Closed ir2718 closed 4 months ago

ir2718 commented 4 months ago

Hi,

first of all thanks for the repository, it's very cool.

I'm trying to do inference on a long video (50 mins), but I keep encountering an error regarding the buffer size:

  File "home/xxx/R2-Tuning/models/generator.py", line 59, in forward
    assert size <= buffer.size(0), 'reached max buffer size'
           ^^^^^^^^^^^^^^^^^^^^^^
AssertionError: reached max buffer size

What's the preferred way to do inference in this case? Is chunking into smaller videos the solution?

yeliudev commented 4 months ago

Hi @ir2718. Thanks for your interest in our work!

For long videos, if you want to re-train the model, you may try to set larger values (>1024) at here and here. If you would like to run inference using the provided checkpoints, it's better to split the video into chunks with ~150s long.

ir2718 commented 4 months ago

@yeliudev

I'm trying to run inference with the trained checkpoints. Does this look okay to you?
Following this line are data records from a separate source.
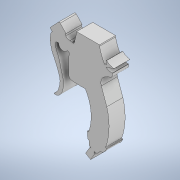
# Autodesk Inventor part: Handel
Saved by Autodesk Inventor 2021 (Build 250183000, 183)
## iProperties
Created: 2021-03-31
Part Number: Handel
Material: Generic
Document SubType Name: Modeling
Designer: newic
Density: 1 g/cm^3
Appearance: Default
Author: newic
Autodesk Inventor part; units mm, degrees
ref_plane "YZ Plane" through (0, 0, 0) normal (1, 0, 0) x (0, 1, 0)
ref_plane "XZ Plane" through (0, 0, 0) normal (0, 1, 0) x (-1, 0, 0)
ref_plane "XY Plane" through (0, 0, 0) normal (0, 0, 1) x (1, 0, 0)
sketch "Sketch1" plane through (0, 0, 0) normal (0, 1, 0) x (-1, 0, 0)
  line L0 (0, 0) -> (203.2, 0)
  line L1 (203.2, 0) -> (203.2, -50.8)
  line L2 (203.2, -50.8) -> (0, -50.8)
  line L3 (0, -50.8) -> (0, 0)
  dimension "d0" = 203.2
  dimension "d1" = 50.8
  constraints: 8 end point, 2 parallel, 1 horizontal, 1 perpendicular
  measures "d0" distance of L1.end L2.end
  measures "d1" distance of L0.end L1.end
extrude "Extrusion1" add sketch "Sketch1" along normal blind 508
sketch "Sketch2" plane through (-203.2, 0, 0) normal (0, 0, 1) x (1, 0, 0)
  line L0 (-1009.7972, -154.4296) -> (-1009.7972, 1866.7607) construction
  line L1 (-1009.7972, 1866.7607) -> (419.0943, 1866.7607) construction
  line L2 (419.0943, 1866.7607) -> (419.0943, -154.4296) construction
  line L3 (419.0943, -154.4296) -> (-1009.7972, -154.4296) construction
  line L4 (0, 0) -> (203.2, 0) projected
  line L5 (203.2, 0) -> (203.2, 508) projected
  line L6 (0, 508) -> (203.2, 508) projected
  line L7 (0, 0) -> (0, 508) projected
  line L8 (91.0468, 361.3752) -> (91.0468, 310.5752)
  line L9 (82.8238, 445.0668) -> (164.8756, 445.0668)
  line L10 (82.8238, 445.0668) -> (82.8238, 441.2568)
  line L11 (82.8238, 441.2568) -> (78.3034, 410.5475)
  line L12 (3.1885, 415.742) -> (28.6178, 442.8078)
  arc A0 (33.8054, 442.3137) -> (28.6178, 442.8078) centre (30.845, 438.7121) ccw
  line L13 (33.8054, 442.3137) -> (52.0865, 422.679)
  arc A1 (50.947, 421.5065) -> (52.0865, 422.679) centre (51.4874, 422.1212) ccw
  arc A2 (50.947, 421.5065) -> (51.4874, 416.0051) centre (55.5553, 419.182) ccw
  arc A3 (51.4874, 416.0051) -> (64.6602, 409.968) centre (64.1216, 426.1827) ccw
  arc A4 (64.6602, 409.968) -> (72.3842, 409.6129) centre (75.5655, 562.982) ccw
  line L14 (72.3842, 409.6129) -> (72.7931, 408.7008)
  line L15 (73.3725, 408.3255) -> (75.8775, 408.3255)
  line L16 (76.5125, 408.9605) -> (76.5125, 409.9125)
  line L17 (77.1475, 410.5475) -> (78.3034, 410.5475)
  arc A5 (3.1885, 415.742) -> (5.4367, 409.6129) centre (9.434, 414.556) ccw
  line L18 (5.4367, 409.6129) -> (8.691, 406.5553)
  spline S0 degree 4 poles (15.5201, 239.8196) (16.8088, 239.4457) (22.2143, 238.5217) (25.0184, 240.0183) (32.0544, 244.3487) (34.4528, 247.2114) (38.2362, 253.0254) (39.4949, 254.6178) (40.8081, 260.7252) (42.2911, 264.573) (43.2228, 269.9771) (44.2315, 274.0691) (43.7086, 278.7778) (43.7093, 287.4457) (44.2577, 292.9337) (39.7923, 300.7001) (40.6138, 305.0304) (37.8045, 312.1576) (36.387, 317.3125) (35.2527, 325.456) (32.7974, 331.6613) (31.5402, 338.9882) (29.5346, 344.404) (27.997, 348.4567) (25.6979, 355.6999) (23.1094, 359.4876) (22.0489, 364.3007) (19.5426, 368.9014) (19.5773, 373.6048) (19.0978, 377.4879) (18.7743, 382.1397) (20.2401, 383.7389) (24.9116, 387.1073) (25.8563, 385.5015) (28.6178, 385.4406) knots 0.003031 0.003031 0.003031 0.003031 0.003031 0.065124 0.094335 0.124297 0.15306 0.181334 0.209678 0.237549 0.266399 0.294874 0.325518 0.357367 0.391669 0.426118 0.459425 0.492234 0.525217 0.55995 0.595217 0.629963 0.662677 0.695168 0.726092 0.756547 0.787271 0.816351 0.845129 0.873096 0.898006 0.921739 0.943653 1 1 1 1 1
  arc A6 (28.6178, 385.3922) -> (55.2274, 377.6762) centre (42.9474, 385.0684) ccw
  arc A7 (62.6643, 372.4517) -> (55.2274, 377.6762) centre (57.4338, 372.9116) ccw
  arc A8 (60.9828, 365.9357) -> (62.6643, 372.4517) centre (52.8641, 371.5058) ccw
  line L19 (60.9828, 365.9357) -> (60.9828, 315.3134)
  arc A9 (60.9828, 315.3134) -> (70.3393, 303.6713) centre (71.0171, 313.7969) ccw
  arc A10 (70.3393, 303.6713) -> (113.1631, 302.3324) centre (101.1601, 603.9241) ccw
  arc A11 (123.8497, 190.1927) -> (113.1631, 302.3324) centre (1.241, 235.0874) ccw
  line L20 (123.8497, 190.1927) -> (120.8096, 190.1927)
  arc A12 (119.5397, 188.9096) -> (121.692, 168.7658) centre (225.1316, 190.0046) ccw
  arc A13 (121.692, 168.7658) -> (125.7984, 166.1505) centre (127.0056, 172.5776) ccw
  arc A14 (125.7984, 166.1505) -> (125.7238, 153.1608) centre (181.0937, 159.3377) ccw
  arc A15 (126.3685, 152.1917) -> (130.2735, 150.6655) centre (133.9364, 165.7954) ccw
  line L21 (130.5187, 150.1133) -> (129.4814, 148.2036)
  line L22 (141.1844, 141.9868) -> (142.5007, 144.4102)
  line L23 (128.9324, 148.0704) -> (127.6667, 148.9308)
  line L24 (127.6667, 148.9308) -> (114.0109, 126.1672)
  line L25 (114.0109, 126.1672) -> (130.0198, 116.5635)
  line L26 (130.0198, 116.5635) -> (143.7417, 140.1643)
  line L27 (143.7417, 140.1643) -> (141.3374, 141.4701)
  arc A16 (142.9491, 144.592) -> (148.5832, 143.2595) centre (155.2179, 183.8889) ccw
  arc A17 (149.6071, 143.5424) -> (161.2323, 155.4653) centre (94.1497, 209.2439) ccw
  arc A18 (161.2323, 155.4653) -> (166.5802, 154.3151) centre (168.0019, 173.9337) ccw
  arc A19 (166.5802, 154.3151) -> (180.6122, 171.592) centre (146.7932, 184.7226) ccw
  line L28 (179.7686, 173.2752) -> (177.4008, 173.9337)
  arc A20 (177.4008, 173.9337) -> (181.0937, 286.8185) centre (5.6168, 236.0561) ccw
  arc A21 (181.0937, 286.8185) -> (163.8812, 335.3453) centre (-102888.6862, -36244.7818) ccw
  arc A22 (179.2557, 367.7738) -> (163.8812, 335.3453) centre (187.8343, 343.8479) ccw
  arc A23 (193.4158, 373.3706) -> (179.2557, 367.7738) centre (200.4596, 334.8383) ccw
  arc A24 (193.4158, 373.3706) -> (199.2756, 387.3462) centre (185.7129, 384.8166) ccw
  arc A25 (178.9608, 394.2318) -> (198.6377, 387.8647) centre (197.962, 419.3645) ccw
  arc A26 (178.9608, 394.2318) -> (188.9808, 398.6669) centre (178.0127, 409.9102) ccw
  arc A27 (174.1015, 400.2668) -> (181.7268, 402.2309) centre (174.336, 415.1406) ccw
  arc A28 (179.2557, 412.3668) -> (178.9608, 403.6352) centre (199.9989, 407.2955) ccw
  arc A29 (180.6557, 413.0757) -> (179.2557, 412.3668) centre (180.4786, 411.6887) ccw
  line L29 (203.2, 0) -> (203.2, 508) projected
  arc A30 (180.6557, 413.0757) -> (202.9842, 401.9518) centre (215.2587, 454.5607) ccw
  arc A31 (189.8262, 399.9702) -> (202.9886, 401.7295) centre (194.9417, 411.8158) ccw
  arc A32 (178.9608, 403.6352) -> (181.7268, 402.2309) centre (184.0382, 410.2093) ccw
  arc A33 (188.9808, 398.6669) -> (189.8262, 399.9702) centre (183.7448, 402.989) ccw
  arc A34 (165.0276, 445.0668) -> (174.1015, 400.2668) centre (242.9441, 437.5293) ccw
  line L30 (90.7622, 445.0668) -> (152.9922, 445.0668)
  line L31 (90.7622, 445.0668) -> (85.6822, 445.0668)
  line L32 (152.9922, 445.0668) -> (158.0722, 445.0668)
  line L33 (85.6822, 445.0668) -> (85.6822, 441.2568)
  line L34 (158.0722, 445.0668) -> (158.0722, 441.2568)
  line L35 (78.3034, 410.5475) -> (85.6822, 441.2568)
  arc A35 (158.0722, 441.2568) -> (174.1015, 400.2668) centre (288.0565, 468.4585) ccw
  arc A36 (8.691, 406.5553) -> (3.4657, 396.6298) centre (18.3173, 395.1494) ccw
  arc A37 (3.4657, 396.6298) -> (2.4343, 378.256) centre (68.407, 383.7683) ccw
  arc A38 (2.4343, 378.256) -> (5.4367, 362.1067) centre (52.357, 379.1838) ccw
  arc A39 (5.4367, 362.1067) -> (13.5124, 340.6245) centre (71.1081, 374.5351) ccw
  arc A40 (30.6004, 298.6134) -> (13.5124, 340.6245) centre (-278.621, 197.3185) ccw
  arc A41 (29.5123, 262.9087) -> (30.6004, 298.6134) centre (-19.3049, 282.2654) ccw
  arc A42 (22.6286, 249.4143) -> (29.5123, 262.9087) centre (6.8723, 265.9547) ccw
  arc A43 (14.0107, 240.388) -> (19.4545, 245.6115) centre (7.0812, 253.058) ccw
  line L36 (14.0107, 240.388) -> (15.5201, 239.8196)
  arc A44 (19.4545, 245.6115) -> (22.6286, 249.4143) centre (7.9177, 258.4673) ccw
  arc A45 (120.8096, 190.1927) -> (119.5397, 188.9096) centre (120.8096, 188.9227) ccw
  arc A46 (180.6122, 171.592) -> (179.7686, 173.2752) centre (179.4283, 172.0516) ccw
  arc A47 (125.7238, 153.1608) -> (126.3685, 152.1917) centre (126.9859, 153.3016) ccw
  arc A48 (148.5832, 143.2595) -> (149.6071, 143.5424) centre (148.7879, 144.5129) ccw
  arc A49 (77.1475, 410.5475) -> (76.5125, 409.9125) centre (77.1475, 409.9125) ccw
  arc A50 (75.8775, 408.3255) -> (76.5125, 408.9605) centre (75.8775, 408.9605) ccw
  arc A51 (72.7931, 408.7008) -> (73.3725, 408.3255) centre (73.3725, 408.9605) ccw
  arc A52 (199.2756, 387.3462) -> (198.6377, 387.8647) centre (198.6514, 387.2298) ccw
  arc A53 (128.9324, 148.0704) -> (129.4814, 148.2036) centre (129.1466, 148.3855) ccw
  arc A54 (130.5187, 150.1133) -> (130.2735, 150.6655) centre (130.1839, 150.2952) ccw
  arc A55 (142.9491, 144.592) -> (142.5007, 144.4102) centre (142.8355, 144.2283) ccw
  arc A56 (141.1844, 141.9868) -> (141.3374, 141.4701) centre (141.5193, 141.805) ccw
  line L37 (0, 508) -> (203.2, 508) projected
  line L38 (0, 0) -> (203.2, 0)
  line L39 (203.2, 0) -> (203.2, 508)
  line L40 (203.2, 508) -> (0, 508)
  line L41 (0, 508) -> (0, 0)
  line L42 (-38.4114, -22.1762) -> (215.2587, -22.1762)
  line L43 (215.2587, -22.1762) -> (215.2587, 525.9486)
  line L44 (215.2587, 525.9486) -> (-38.4114, 525.9486)
  line L45 (-38.4114, 525.9486) -> (-38.4114, -22.1762)
  arc A57 (202.9886, 401.7295) -> (202.9842, 401.9518) centre (202.434, 401.8295) ccw
  arc A58 (129.7947, 116.5977) -> (130.1754, 116.6319) centre (129.9273, 117.2579) ccw
  arc A59 (114.0109, 126.2343) -> (114.0764, 126.0499) centre (114.2818, 126.2267) ccw
  arc A60 (127.8034, 148.9025) -> (127.5664, 148.8739) centre (127.7294, 148.5201) ccw
  arc A61 (143.7417, 140.0619) -> (143.7168, 140.2485) centre (143.0075, 140.0588) ccw
  arc A62 (161.1649, 155.4653) -> (161.2979, 155.4653) centre (161.2314, 156.6615) ccw
  arc A63 (125.8139, 166.1055) -> (125.7642, 166.1871) centre (125.6185, 166.0422) ccw
  arc A64 (177.4008, 174.1226) -> (177.4291, 173.8722) centre (177.8671, 174.0484) ccw
  line L46 (4.4484, 243.0319) -> (26.5918, 236.6072) construction
  arc A65 (11.614, 243.7681) -> (20.933, 241.0643) centre (17.1097, 245.2984) ccw construction
  arc A66 (28.6228, 385.3615) -> (28.6024, 385.4463) centre (28.1517, 385.2928) ccw
  point P0 (22.733, 239.4297)
  point P1 (26.6602, 241.0832)
  point P2 (31.5226, 244.3292)
  point P3 (34.7953, 247.9041)
  point P4 (38.0237, 252.6342)
  point P5 (39.3832, 255.1885)
  point P6 (40.8017, 260.1413)
  point P7 (42.1826, 264.8849)
  point P8 (43.2557, 269.8303)
  point P9 (43.8951, 273.7708)
  point P10 (43.8576, 278.4185)
  point P11 (43.8057, 286.7131)
  point P12 (43.2015, 293.5213)
  point P13 (40.6807, 300.6004)
  point P14 (39.9373, 305.3846)
  point P15 (38.1513, 311.5527)
  point P16 (36.5478, 317.4053)
  point P17 (34.987, 325.0557)
  point P18 (32.9436, 332.2254)
  point P19 (31.2101, 339.282)
  point P20 (29.5512, 344.3326)
  point P21 (27.9441, 348.7991)
  point P22 (25.4503, 355.4375)
  point P23 (23.3311, 359.8915)
  point P24 (21.7513, 364.2973)
  point P25 (20.0116, 369.1013)
  point P26 (19.4596, 373.7548)
  point P27 (19.0784, 378.2733)
  point P28 (19.1595, 381.9509)
  point P29 (20.142, 383.4352)
  point P30 (22.8222, 385.3072)
  point P31 (25.2415, 385.9029)
  point P32 (119.5342, 190.1927)
  point P33 (130.7591, 150.5561)
  point P34 (142.6507, 144.6864)
  point P35 (181.0937, 172.9067)
  point P36 (177.4059, 173.9476)
  point P37 (177.4097, 173.9312)
  point P38 (161.2373, 155.4635)
  point P39 (161.2308, 155.4635)
  point P40 (125.7975, 166.143)
  point P41 (125.7923, 166.1517)
  point P42 (28.6178, 385.39)
  point P43 (28.6042, 385.4409)
  dimension "d21" = 50.8
  dimension "d50" = 3.81
  dimension "d55" = 82.0518
  dimension "d56" = 62.23
  dimension "d57" = 5.08
  dimension "d58" = 5.08
  dimension "d63" = 1.27
  dimension "d64" = 1.27
  dimension "d65" = 0.635
  dimension "d66" = 0.381
  constraints: 140 point on circle, 74 end point, 67 centre point, 27 tangent, 8 equal radius, 8 point on line, 6 vertical, 5 horizontal, 4 parallel, 4 perpendicular, 2 midpoint, 40 other
  measures "d21" distance of L8.start L8.end
  measures "d50" distance of L9.start L10.end
  measures "d55" distance of L9.start L9.end
  measures "d56" distance of L30.start L30.end
  measures "d57" distance of L30.start L31.end
  measures "d58" distance of L30.end L32.end
  measures "d63" radius of A45
  measures "d64" radius of A47
  measures "d65" radius of A49
  measures "d66" radius of A53
extrude "Extrusion2" cut sketch "Sketch2" against normal blind 508 contours L7 L6 L5 L4 | L9 L33 L35 L11 L10 | L45 L44 L43 L42
body "Solid1"

    #### do chunking on the fly
    chunk_size = cfg.model.buffer_size
    dicts = [
        dict(video=x, query=data["query"], fps=data["fps"])
        for x in torch.split(data["video"], chunk_size, dim=1)
    ]

    #### do inference on each chunk
    preds = {
        "_out": {
            "boundary": [],
        }
    }
    top_probs = []
    with torch.inference_mode():
        for i, data in enumerate(dicts):
            pred = model(data)
            top_probs.append(pred["_out"]["boundary"][:cfg.model.max_num_moment, 2])
            preds["_out"]["boundary"].append(
                pred["_out"]["boundary"] +
                torch.tensor([
                    chunk_size * i / cfg.data["test"].fps,
                    chunk_size * i / cfg.data["test"].fps,
                    0.,

                ], device=pred["_out"]["boundary"].device)
            )

    #### connect processed chunks
    preds["_out"]["boundary"] = torch.cat(preds["_out"]["boundary"], dim=0)
    top_probs_indices = torch.argsort(torch.cat(top_probs, dim=0)).flip(dims=(0,))
    preds["_out"]["boundary"] = preds["_out"]["boundary"][top_probs_indices]
yeliudev commented 4 months ago

Yeah the code looks good to me. If you are using the checkpoint trained on QVHighlights, it's better to have chunk_size = 75, as the videos in QVHighlights are all truncated to 150s long with 0.5 FPS.